DESCUENTO LECTORES

General Mills Thinks You’re Stupid, But Decides To Not Take Customers’ Legal Rights Away After All


While all sorts of big-name financial, tech, e-commerce, and telecom companies have been trying to take away consumers’ right to sue by inserting forced-arbitration clauses in their contracts and terms of service, it seemed ridiculous to think that the makers of cereal would resort to such deviousness, or how they would even be able to do it. But last week, General Mills tried, adding language to its website that stripped certain customers of their access to legal redress against the company. Realizing that maybe this might tick off an awful lot of people, the company has backed off this policy change.

Last week, people noticed that the General Mills site now included a notice at the top which stated the company had “new Legal Terms which require all disputes related to the purchase or use of any General Mills product or service to be resolved through binding arbitration.”

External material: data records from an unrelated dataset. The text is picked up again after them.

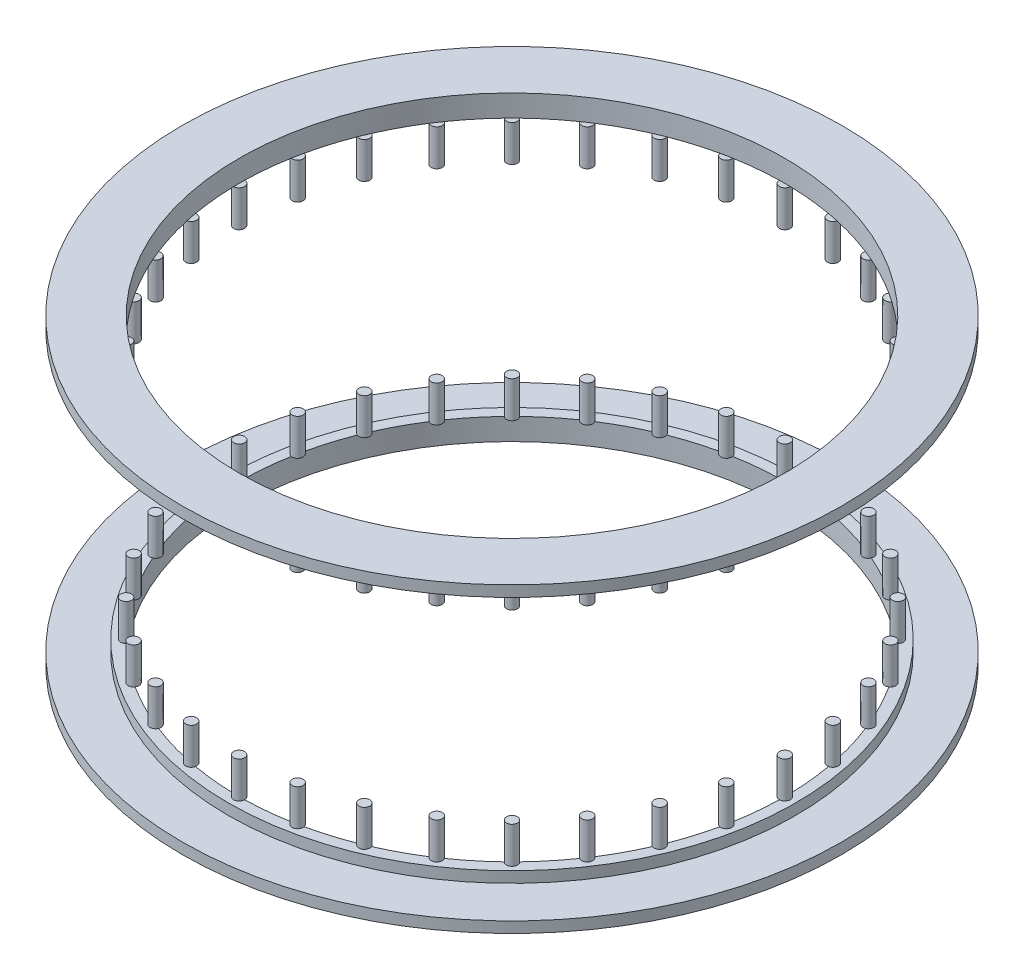
from build123d import *

# Parameters (mm, degrees)
SKETCH2_R           = 7.5
BOSS_EXTRUDE1_DEPTH = 50


with BuildPart() as part:
    # Sketch1 → Revolve1 (revolve)
    with BuildSketch(Plane(origin=(0, 0, 0), x_dir=(0, 0, -1), z_dir=(1, 0, 0))):
        Polygon((-375, 207.5), (-453.195878299, 207.5), (-453.195878299, 192.5), (-390, 192.5), (-390, 177.5), (-375, 177.5), align=None)
        Polygon((-390, -177.5), (-390, -192.5), (-453.195878299, -192.5), (-453.195878299, -207.5), (-375, -207.5), (-375, -177.5), align=None)
    revolve(axis=Axis((0, 380.511182109, 0), (0, -1, 0)))

    # Sketch2 → Boss-Extrude1 (add)
    with BuildSketch(Plane(origin=(0, -177.5, 0), x_dir=(1, 0, 0), z_dir=(0, 1, 0))):
        with Locations(Location((0, 375, 0), (0, 0, 180.572967345))):
            Circle(SKETCH2_R)
        with Locations(Location((73.158870756, 367.794480151, 0), (0, 0, 169.322967345))):
            Circle(SKETCH2_R)
        with Locations(Location((143.506287137, 346.454824692, 0), (0, 0, 158.072967345))):
            Circle(SKETCH2_R)
        with Locations(Location((208.338837382, 311.801104613, 0), (0, 0, 146.822967345))):
            Circle(SKETCH2_R)
        with Locations(Location((265.165042945, 265.165042945, 0), (0, 0, 135.572967345))):
            Circle(SKETCH2_R)
        with Locations(Location((311.801104613, 208.338837382, 0), (0, 0, 124.322967345))):
            Circle(SKETCH2_R)
        with Locations(Location((346.454824692, 143.506287137, 0), (0, 0, 113.072967345))):
            Circle(SKETCH2_R)
        with Locations(Location((367.794480151, 73.158870756, 0), (0, 0, 101.822967345))):
            Circle(SKETCH2_R)
        with Locations(Location((375, 0, 0), (0, 0, 90.572967345))):
            Circle(SKETCH2_R)
        with Locations(Location((367.794480151, -73.158870756, 0), (0, 0, 79.322967345))):
            Circle(SKETCH2_R)
        with Locations(Location((346.454824692, -143.506287137, 0), (0, 0, 68.072967345))):
            Circle(SKETCH2_R)
        with Locations(Location((311.801104613, -208.338837382, 0), (0, 0, 56.822967345))):
            Circle(SKETCH2_R)
        with Locations(Location((265.165042945, -265.165042945, 0), (0, 0, 45.572967345))):
            Circle(SKETCH2_R)
        with Locations(Location((208.338837382, -311.801104613, 0), (0, 0, 34.322967345))):
            Circle(SKETCH2_R)
        with Locations(Location((143.506287137, -346.454824692, 0), (0, 0, 23.072967345))):
            Circle(SKETCH2_R)
        with Locations(Location((73.158870756, -367.794480151, 0), (0, 0, 11.822967345))):
            Circle(SKETCH2_R)
        with Locations(Location((0, -375, 0), (0, 0, 179.427032655))):
            Circle(SKETCH2_R)
        with Locations(Location((-73.158870756, -367.794480151, 0), (0, 0, 168.177032655))):
            Circle(SKETCH2_R)
        with Locations(Location((-143.506287137, -346.454824692, 0), (0, 0, 156.927032655))):
            Circle(SKETCH2_R)
        with Locations(Location((-208.338837382, -311.801104613, 0), (0, 0, 145.677032655))):
            Circle(SKETCH2_R)
        with Locations(Location((-265.165042945, -265.165042945, 0), (0, 0, 134.427032655))):
            Circle(SKETCH2_R)
        with Locations(Location((-311.801104613, -208.338837382, 0), (0, 0, 123.177032655))):
            Circle(SKETCH2_R)
        with Locations(Location((-346.454824692, -143.506287137, 0), (0, 0, 111.927032655))):
            Circle(SKETCH2_R)
        with Locations(Location((-367.794480151, -73.158870756, 0), (0, 0, 100.677032655))):
            Circle(SKETCH2_R)
        with Locations(Location((-375, 0, 0), (0, 0, 89.427032655))):
            Circle(SKETCH2_R)
        with Locations(Location((-367.794480151, 73.158870756, 0), (0, 0, 78.177032655))):
            Circle(SKETCH2_R)
        with Locations(Location((-346.454824692, 143.506287137, 0), (0, 0, 66.927032655))):
            Circle(SKETCH2_R)
        with Locations(Location((-311.801104613, 208.338837382, 0), (0, 0, 55.677032655))):
            Circle(SKETCH2_R)
        with Locations(Location((-265.165042945, 265.165042945, 0), (0, 0, 44.427032655))):
            Circle(SKETCH2_R)
        with Locations(Location((-208.338837382, 311.801104613, 0), (0, 0, 33.177032655))):
            Circle(SKETCH2_R)
        with Locations(Location((-143.506287137, 346.454824692, 0), (0, 0, 21.927032655))):
            Circle(SKETCH2_R)
        with Locations(Location((-73.158870756, 367.794480151, 0), (0, 0, 10.677032655))):
            Circle(SKETCH2_R)
    boss_extrude1 = extrude(amount=BOSS_EXTRUDE1_DEPTH)

    # Mirror1: Boss-Extrude1 across plane
    add(boss_extrude1.mirror(Plane(origin=(0, 0, 0), x_dir=(0, 0, 1), z_dir=(0, -1, 0))))


solid = part.part

If that weren’t enough, the language in the actual Legal Terms stated that consumers were agreeing to these terms (whether they knew it or not) “by using our websites, joining our sites as a member, joining our online community, subscribing to our email newsletters, downloading or printing a digital coupon, entering a sweepstakes or contest, redeeming a promotional offer, or otherwise participating in any other General Mills offering.”


Seems pretty cut-and-dry. Evil and anti-consumer, but cut-and-dry.


But apparently, we’re all stupid, at least in the eyes of General Mills, and we just didn’t understand that the company was trying to help us out.


In a blog post yesterday on the General Mills website, a company mouthpiece, claims that these words were “widely misread.”


“[A]rbitration would have simply streamlined how complaints are handled,” continues the utter nonsense from the General Mills spokesperson. “Many companies do the same, and we felt it would be helpful.”


The most baldfaced misinformation provided in the General Mills statement is the assertion that “arbitration clauses don’t cause anyone to waive a valid legal claim.”


Let’s just pause for a moment to contemplate what utter and complete bullcheerios that is.


Arbitration clauses force every individual consumer to give up his or her right to a lawsuit and enter into a process that is proven to be unbalanced in favor of the businesses with massive legal teams at their beckon call.


But most lawyers won’t get involved on the consumers’ side of an arbitration dispute both because of this unbalance and because damages are severely limited.


Likewise, one consumer on her own may have a good case, but the cost of making that case far outweighs any damages she might receive. The U.S. Supreme Court recently ruled that this is not a reason to invalidate a forced-arbitration clause.


So the harmed consumer would either need to go deeply into debt or seek massive amounts of donations just to prove her case. And each harmed consumer would have to do this on his or her own. Thus, a company can get away with harming consumers so long as it is too expensive for any of the individual plaintiffs to make the case against the company.


To us, this very much seems like cases in which arbitration causes someone “to waive a valid legal claim.”


While General Mills thinks we’re all stupid for not understanding the supposed benefit (to General Mills) of forced arbitration, this is one of the more boneheaded attempts to shove one of these policies down consumers’ throats.


Unlike terms of service for wireless service or credit cards, which are both standard in their respective industries apply to very specific products and conditions, consumers have no expectation of or history with the notion of applying terms of service to a packaged food product. Even if one blindly agrees to legal terms on a coupon or sweepstakes, the notion that those legal terms would apply to the actual food product is bizarre and like something out of a 1950s sci-fi novel.